Task prompt:
Starting at the line with "unnamed: IC3.4 (A), IC4.5 (INPUT1)" and going on through the line with "unnamed: IC5.13 (R1IN), SV2.3", reproduce each line in the records below exactly and nothing more.
··· Entries provided ···
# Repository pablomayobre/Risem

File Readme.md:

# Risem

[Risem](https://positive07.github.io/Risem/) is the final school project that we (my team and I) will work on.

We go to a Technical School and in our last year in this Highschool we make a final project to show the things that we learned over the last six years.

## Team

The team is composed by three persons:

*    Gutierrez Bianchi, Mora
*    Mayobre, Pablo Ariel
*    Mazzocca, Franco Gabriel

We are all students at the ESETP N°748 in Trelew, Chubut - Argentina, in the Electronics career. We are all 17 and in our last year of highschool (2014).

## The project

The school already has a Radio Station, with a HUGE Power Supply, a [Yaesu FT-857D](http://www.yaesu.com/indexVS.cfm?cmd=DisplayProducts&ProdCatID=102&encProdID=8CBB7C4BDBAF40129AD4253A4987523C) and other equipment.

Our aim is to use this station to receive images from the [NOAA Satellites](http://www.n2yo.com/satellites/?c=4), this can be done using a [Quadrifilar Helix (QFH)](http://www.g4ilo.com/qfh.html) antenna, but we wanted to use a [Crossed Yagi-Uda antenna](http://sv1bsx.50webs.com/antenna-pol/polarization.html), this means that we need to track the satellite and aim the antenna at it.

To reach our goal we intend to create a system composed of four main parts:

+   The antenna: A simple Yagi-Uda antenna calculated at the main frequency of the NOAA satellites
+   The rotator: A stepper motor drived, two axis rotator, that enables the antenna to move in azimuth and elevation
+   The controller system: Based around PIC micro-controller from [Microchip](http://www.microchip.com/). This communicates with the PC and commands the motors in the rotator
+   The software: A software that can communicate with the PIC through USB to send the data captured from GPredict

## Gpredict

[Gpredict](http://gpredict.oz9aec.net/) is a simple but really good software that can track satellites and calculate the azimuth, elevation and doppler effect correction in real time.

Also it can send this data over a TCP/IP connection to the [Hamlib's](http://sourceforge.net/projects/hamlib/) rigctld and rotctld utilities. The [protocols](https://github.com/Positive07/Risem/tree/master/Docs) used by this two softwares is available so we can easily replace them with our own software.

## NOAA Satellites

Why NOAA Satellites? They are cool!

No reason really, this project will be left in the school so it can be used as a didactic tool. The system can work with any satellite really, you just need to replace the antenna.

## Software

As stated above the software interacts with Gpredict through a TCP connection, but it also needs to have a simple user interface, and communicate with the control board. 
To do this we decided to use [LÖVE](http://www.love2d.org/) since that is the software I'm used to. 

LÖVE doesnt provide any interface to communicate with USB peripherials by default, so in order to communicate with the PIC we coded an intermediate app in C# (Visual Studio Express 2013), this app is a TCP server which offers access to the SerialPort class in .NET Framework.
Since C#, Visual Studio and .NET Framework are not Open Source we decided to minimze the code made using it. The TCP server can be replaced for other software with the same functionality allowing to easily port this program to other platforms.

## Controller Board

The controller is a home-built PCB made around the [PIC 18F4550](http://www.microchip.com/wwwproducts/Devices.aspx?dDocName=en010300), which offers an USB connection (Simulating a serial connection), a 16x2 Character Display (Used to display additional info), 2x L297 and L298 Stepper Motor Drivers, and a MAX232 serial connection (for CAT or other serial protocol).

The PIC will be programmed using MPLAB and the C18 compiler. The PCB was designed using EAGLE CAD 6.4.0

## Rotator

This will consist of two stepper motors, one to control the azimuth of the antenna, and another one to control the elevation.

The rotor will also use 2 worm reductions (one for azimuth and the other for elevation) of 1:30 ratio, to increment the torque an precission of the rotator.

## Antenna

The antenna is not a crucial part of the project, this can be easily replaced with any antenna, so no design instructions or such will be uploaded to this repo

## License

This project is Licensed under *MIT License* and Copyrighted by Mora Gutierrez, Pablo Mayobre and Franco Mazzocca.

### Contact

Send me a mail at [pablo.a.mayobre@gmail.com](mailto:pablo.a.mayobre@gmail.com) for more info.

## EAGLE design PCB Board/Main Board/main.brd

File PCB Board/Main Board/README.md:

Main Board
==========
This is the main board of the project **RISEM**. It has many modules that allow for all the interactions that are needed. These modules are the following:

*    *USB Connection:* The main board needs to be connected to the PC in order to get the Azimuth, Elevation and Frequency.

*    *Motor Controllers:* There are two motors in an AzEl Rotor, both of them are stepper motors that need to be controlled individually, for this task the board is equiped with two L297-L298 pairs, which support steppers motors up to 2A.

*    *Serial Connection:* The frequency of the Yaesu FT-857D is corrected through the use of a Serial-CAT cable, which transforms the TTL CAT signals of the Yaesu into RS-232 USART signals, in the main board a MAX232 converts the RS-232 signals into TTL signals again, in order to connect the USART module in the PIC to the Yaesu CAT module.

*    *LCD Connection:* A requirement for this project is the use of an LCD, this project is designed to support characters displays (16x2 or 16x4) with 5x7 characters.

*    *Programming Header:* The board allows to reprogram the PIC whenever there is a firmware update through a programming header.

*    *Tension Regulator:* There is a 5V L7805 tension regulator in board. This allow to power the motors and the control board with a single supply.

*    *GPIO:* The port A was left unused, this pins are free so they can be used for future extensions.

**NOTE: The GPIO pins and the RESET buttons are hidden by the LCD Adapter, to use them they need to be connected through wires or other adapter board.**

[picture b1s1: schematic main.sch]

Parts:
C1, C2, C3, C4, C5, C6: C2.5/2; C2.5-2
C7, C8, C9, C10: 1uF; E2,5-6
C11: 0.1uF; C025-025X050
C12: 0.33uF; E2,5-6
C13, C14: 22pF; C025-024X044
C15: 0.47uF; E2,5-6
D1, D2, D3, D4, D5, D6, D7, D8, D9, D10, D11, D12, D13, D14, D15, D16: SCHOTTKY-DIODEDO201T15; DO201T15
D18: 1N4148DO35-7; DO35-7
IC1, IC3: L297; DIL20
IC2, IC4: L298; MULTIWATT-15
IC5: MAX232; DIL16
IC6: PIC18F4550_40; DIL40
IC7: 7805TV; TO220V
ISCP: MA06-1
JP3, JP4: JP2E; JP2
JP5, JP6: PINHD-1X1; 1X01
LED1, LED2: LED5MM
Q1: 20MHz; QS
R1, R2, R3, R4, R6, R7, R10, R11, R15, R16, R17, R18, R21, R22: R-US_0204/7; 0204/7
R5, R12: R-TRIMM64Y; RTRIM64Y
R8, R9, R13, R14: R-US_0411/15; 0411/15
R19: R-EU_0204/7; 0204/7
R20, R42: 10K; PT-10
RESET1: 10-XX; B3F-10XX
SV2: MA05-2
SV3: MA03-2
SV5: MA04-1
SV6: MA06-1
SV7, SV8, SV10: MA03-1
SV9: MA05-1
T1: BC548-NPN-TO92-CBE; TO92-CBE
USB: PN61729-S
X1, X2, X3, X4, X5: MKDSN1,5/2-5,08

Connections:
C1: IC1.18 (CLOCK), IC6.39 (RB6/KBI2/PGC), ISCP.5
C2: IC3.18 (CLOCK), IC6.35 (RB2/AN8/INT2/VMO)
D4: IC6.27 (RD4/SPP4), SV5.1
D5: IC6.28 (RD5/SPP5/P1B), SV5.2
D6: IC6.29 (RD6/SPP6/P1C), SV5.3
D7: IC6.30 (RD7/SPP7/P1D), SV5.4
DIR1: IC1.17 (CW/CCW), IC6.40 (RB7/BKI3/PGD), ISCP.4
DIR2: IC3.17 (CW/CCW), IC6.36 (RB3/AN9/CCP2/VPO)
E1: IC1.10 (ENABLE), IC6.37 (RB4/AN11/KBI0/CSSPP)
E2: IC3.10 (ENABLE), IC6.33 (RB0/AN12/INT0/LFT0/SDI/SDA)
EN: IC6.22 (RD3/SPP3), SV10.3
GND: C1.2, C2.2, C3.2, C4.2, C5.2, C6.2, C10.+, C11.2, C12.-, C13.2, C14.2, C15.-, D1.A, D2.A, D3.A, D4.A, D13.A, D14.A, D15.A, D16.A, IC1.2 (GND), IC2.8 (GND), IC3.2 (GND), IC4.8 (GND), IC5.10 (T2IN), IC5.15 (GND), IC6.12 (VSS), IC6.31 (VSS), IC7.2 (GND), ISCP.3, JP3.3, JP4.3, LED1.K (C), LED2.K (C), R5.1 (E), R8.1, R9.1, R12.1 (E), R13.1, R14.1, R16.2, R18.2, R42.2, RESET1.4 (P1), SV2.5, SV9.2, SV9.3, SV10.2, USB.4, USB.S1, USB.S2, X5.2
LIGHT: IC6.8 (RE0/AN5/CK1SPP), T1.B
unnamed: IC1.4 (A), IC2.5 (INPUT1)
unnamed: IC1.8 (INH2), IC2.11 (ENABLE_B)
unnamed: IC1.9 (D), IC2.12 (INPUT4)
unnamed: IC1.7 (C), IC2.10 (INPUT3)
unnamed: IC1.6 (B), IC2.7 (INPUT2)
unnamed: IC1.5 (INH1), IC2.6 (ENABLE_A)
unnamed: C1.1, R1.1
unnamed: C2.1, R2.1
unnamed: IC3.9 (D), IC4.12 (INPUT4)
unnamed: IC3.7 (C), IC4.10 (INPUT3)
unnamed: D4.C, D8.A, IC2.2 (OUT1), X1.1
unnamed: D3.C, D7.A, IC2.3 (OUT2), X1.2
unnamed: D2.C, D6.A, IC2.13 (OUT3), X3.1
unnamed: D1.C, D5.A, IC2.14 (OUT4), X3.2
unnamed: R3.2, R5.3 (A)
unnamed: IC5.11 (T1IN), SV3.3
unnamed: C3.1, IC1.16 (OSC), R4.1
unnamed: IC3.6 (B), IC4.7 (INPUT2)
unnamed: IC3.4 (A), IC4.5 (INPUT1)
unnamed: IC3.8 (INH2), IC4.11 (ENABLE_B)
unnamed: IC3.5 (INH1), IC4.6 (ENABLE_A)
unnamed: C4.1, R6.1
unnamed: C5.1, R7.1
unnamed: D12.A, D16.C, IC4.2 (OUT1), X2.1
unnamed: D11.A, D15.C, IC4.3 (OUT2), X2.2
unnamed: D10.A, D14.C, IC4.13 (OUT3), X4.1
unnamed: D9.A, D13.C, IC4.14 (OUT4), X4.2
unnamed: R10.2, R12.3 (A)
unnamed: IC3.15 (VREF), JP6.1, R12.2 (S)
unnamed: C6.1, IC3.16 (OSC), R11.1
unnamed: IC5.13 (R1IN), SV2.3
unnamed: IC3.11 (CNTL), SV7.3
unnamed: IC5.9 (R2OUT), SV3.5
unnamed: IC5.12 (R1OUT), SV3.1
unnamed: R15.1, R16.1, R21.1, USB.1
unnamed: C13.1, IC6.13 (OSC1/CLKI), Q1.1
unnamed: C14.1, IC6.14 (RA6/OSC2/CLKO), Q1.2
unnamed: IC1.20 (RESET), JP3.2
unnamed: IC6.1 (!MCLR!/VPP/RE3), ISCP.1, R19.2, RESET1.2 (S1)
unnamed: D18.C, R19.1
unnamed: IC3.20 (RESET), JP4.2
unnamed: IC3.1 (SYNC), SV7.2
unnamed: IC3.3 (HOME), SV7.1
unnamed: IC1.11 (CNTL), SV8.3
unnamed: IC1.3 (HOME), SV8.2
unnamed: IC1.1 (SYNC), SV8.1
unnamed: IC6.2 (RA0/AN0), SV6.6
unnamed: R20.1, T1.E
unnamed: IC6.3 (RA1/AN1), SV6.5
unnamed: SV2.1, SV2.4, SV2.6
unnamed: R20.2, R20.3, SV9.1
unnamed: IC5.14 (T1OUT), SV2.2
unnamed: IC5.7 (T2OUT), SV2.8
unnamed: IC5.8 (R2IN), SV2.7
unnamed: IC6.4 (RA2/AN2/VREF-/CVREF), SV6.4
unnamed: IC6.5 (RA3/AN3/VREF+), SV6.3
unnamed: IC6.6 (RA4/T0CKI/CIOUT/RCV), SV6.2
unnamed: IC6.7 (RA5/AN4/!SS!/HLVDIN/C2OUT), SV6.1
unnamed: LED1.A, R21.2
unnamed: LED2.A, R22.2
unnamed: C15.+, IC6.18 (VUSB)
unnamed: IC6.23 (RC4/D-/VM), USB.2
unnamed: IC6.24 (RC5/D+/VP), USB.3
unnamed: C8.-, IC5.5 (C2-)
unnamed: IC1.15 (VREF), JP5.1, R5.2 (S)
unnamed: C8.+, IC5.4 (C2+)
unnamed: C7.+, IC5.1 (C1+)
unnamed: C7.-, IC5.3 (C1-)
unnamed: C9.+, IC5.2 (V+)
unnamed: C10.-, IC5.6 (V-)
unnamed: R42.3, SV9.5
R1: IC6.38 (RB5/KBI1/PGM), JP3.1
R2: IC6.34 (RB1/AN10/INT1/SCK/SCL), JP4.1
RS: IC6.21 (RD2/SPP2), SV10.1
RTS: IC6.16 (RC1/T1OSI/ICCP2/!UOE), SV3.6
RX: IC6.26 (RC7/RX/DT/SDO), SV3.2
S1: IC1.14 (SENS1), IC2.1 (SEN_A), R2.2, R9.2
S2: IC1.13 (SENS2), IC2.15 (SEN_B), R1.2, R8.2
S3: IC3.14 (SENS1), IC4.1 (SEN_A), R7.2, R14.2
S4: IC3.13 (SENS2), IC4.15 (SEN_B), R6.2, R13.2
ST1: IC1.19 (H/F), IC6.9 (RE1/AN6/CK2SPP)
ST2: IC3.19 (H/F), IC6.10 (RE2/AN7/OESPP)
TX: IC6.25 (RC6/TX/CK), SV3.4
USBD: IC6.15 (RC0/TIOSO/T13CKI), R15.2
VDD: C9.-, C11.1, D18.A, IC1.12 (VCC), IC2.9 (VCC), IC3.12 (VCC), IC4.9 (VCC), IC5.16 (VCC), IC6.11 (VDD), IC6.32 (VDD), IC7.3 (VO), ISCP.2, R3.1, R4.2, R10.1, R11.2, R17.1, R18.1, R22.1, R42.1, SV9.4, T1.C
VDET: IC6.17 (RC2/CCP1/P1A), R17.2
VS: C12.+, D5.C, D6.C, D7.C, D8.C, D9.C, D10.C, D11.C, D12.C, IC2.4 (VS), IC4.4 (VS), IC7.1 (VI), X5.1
···
Response area:
unnamed: IC3.4 (A), IC4.5 (INPUT1)
unnamed: IC3.8 (INH2), IC4.11 (ENABLE_B)
unnamed: IC3.5 (INH1), IC4.6 (ENABLE_A)
unnamed: C4.1, R6.1
unnamed: C5.1, R7.1
unnamed: D12.A, D16.C, IC4.2 (OUT1), X2.1
unnamed: D11.A, D15.C, IC4.3 (OUT2), X2.2
unnamed: D10.A, D14.C, IC4.13 (OUT3), X4.1
unnamed: D9.A, D13.C, IC4.14 (OUT4), X4.2
unnamed: R10.2, R12.3 (A)
unnamed: IC3.15 (VREF), JP6.1, R12.2 (S)
unnamed: C6.1, IC3.16 (OSC), R11.1
unnamed: IC5.13 (R1IN), SV2.3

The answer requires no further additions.